→ **Input**
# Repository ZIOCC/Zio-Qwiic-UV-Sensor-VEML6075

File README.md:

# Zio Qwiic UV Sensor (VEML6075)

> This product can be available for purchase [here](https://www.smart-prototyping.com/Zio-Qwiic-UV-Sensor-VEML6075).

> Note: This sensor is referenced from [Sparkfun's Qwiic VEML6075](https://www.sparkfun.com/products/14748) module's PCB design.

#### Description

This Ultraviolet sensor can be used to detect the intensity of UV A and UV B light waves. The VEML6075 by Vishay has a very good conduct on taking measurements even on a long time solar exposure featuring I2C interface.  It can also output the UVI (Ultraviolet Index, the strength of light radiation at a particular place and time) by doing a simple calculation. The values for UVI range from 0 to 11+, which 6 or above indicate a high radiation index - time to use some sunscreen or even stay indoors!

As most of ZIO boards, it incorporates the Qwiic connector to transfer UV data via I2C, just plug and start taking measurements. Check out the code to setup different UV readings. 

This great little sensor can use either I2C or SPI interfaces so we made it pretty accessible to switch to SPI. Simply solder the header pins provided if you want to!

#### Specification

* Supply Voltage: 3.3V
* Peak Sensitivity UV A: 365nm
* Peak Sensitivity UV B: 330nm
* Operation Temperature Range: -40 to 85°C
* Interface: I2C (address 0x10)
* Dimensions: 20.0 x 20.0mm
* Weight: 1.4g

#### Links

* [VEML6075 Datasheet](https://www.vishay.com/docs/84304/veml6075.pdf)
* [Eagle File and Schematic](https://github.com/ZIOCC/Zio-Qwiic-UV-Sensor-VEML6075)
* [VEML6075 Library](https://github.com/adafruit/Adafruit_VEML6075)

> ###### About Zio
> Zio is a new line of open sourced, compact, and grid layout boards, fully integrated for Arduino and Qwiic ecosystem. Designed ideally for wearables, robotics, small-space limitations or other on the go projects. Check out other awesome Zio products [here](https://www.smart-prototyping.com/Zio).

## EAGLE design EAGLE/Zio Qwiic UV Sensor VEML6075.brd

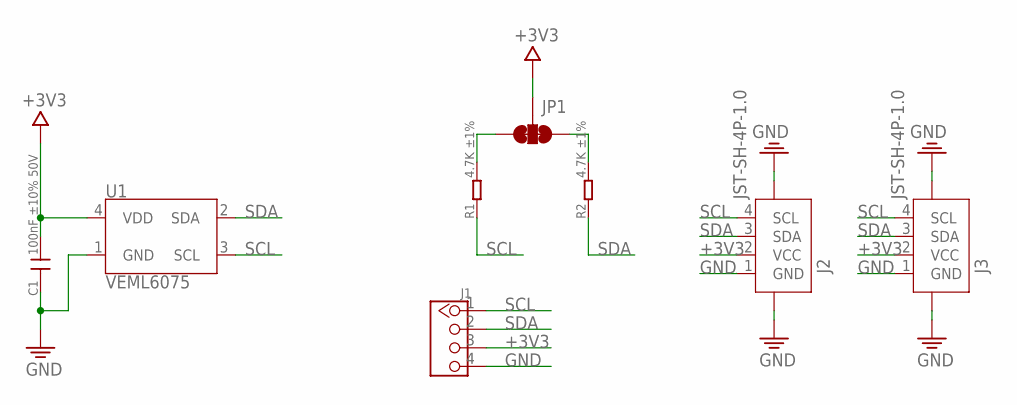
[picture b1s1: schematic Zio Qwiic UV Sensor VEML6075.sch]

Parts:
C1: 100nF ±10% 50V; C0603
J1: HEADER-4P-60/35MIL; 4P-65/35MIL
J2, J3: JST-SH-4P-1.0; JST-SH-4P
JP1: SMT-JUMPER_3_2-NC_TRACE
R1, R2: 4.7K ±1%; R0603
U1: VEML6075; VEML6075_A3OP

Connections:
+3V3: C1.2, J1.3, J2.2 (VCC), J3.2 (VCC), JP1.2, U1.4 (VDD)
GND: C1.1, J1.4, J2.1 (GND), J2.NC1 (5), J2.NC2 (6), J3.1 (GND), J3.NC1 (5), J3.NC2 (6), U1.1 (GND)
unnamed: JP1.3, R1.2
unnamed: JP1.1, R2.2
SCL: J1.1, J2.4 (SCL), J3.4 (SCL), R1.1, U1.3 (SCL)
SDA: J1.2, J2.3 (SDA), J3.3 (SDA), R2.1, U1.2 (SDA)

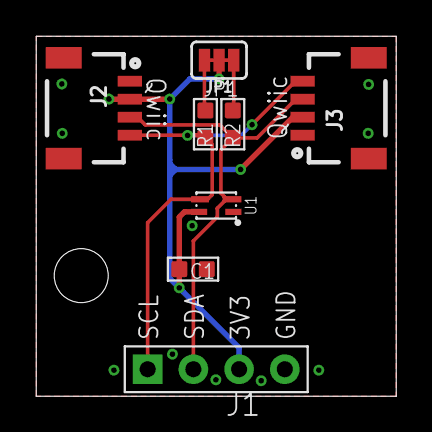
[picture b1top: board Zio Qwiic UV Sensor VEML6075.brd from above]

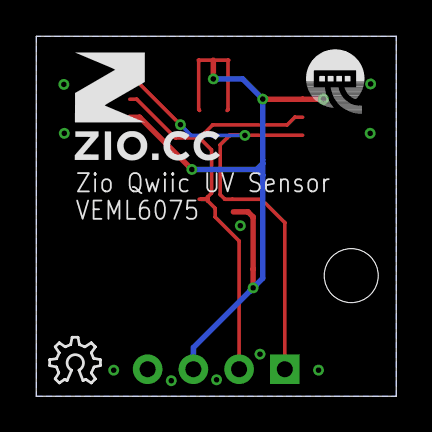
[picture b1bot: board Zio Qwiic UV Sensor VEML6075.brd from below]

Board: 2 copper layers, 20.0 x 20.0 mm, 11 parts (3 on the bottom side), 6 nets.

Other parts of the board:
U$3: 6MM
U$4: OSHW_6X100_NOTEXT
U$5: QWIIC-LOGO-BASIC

→ **Instructions for the task**
Look for the line with "[picture b1bot: board" in the listing above. Print it and each later line exactly, ending with the last line.

→ **Response**
[picture b1bot: board Zio Qwiic UV Sensor VEML6075.brd from below]

Board: 2 copper layers, 20.0 x 20.0 mm, 11 parts (3 on the bottom side), 6 nets.

Other parts of the board:
U$3: 6MM
U$4: OSHW_6X100_NOTEXT
U$5: QWIIC-LOGO-BASIC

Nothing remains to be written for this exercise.